# File your Self-Employment taxes free with Quickbooks/TurboTax



## Null (Oct 6, 2015)

Intuit is having a deal on "QuickBooks Self-Employed" which includes "TurboTax Self-Employed", one filing of Federal/State taxes per year and includes filing/paying estimated taxes if need be.

There's a digital rebate website called ebates.com offering a cashback deal of $37.50 to sign up for QuickBooks through them. QuickBooks self-employed is technically a subscription service, but this covers 3 months at the discount rate and there's no obligation to continue the subscription for any length of time. The first 30 days is free. So you can file your taxes and pocket the difference or continue on if you like it.

To sweeten the deal, if someone refers you to ebates, you get $10 after you've completed your first transaction. The referring person gets $25. Unfortunately the QB subscription doesn't meet the threshold so it wont trigger this by itself. I can't post the referral code due to forum rules. I signed up for this myself when the CashBack rate was higher, but I guess that was a 2 day thing.

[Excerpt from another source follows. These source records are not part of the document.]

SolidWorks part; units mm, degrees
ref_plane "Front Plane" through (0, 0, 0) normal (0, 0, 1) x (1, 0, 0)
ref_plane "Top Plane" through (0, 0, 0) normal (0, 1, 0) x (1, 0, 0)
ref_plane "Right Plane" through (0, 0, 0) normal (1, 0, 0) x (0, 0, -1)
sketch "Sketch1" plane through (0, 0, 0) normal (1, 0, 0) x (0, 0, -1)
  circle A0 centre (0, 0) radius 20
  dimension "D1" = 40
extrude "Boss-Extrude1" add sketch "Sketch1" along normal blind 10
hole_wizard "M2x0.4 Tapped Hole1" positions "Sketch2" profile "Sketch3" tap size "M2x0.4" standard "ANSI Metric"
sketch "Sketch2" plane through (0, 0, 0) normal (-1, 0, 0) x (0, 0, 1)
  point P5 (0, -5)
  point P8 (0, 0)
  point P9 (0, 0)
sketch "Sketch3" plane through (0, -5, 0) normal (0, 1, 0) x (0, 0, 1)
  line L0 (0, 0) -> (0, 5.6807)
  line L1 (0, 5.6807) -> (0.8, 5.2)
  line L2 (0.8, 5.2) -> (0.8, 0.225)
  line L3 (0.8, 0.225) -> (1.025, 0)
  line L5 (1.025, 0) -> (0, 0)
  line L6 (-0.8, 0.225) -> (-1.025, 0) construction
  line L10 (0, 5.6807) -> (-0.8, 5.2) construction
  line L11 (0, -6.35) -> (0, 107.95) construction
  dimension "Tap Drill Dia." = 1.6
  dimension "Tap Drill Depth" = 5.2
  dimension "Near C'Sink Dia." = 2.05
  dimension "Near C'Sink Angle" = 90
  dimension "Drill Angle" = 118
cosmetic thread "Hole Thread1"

(Not a referral link!) https://www.ebates.com/coupons/intuit-quickbooks-self-employed/index.htm

(Yeap, I got $75 cash back right away on a $5 charge to start the subscription - this was a Thanksgiving/Black Friday promotion rate on the Intuit side and the ebates side).


----------



## RightTurnClyde (Dec 9, 2015)

Wow, thx for sharing...


----------



## Null (Oct 6, 2015)

RightTurnClyde said:


> Wow, thx for sharing...


NP, I think I paid $80 to file through TT alone last year for fed and state with the Schedule C.

Can't beat free (or heavily discounted).


----------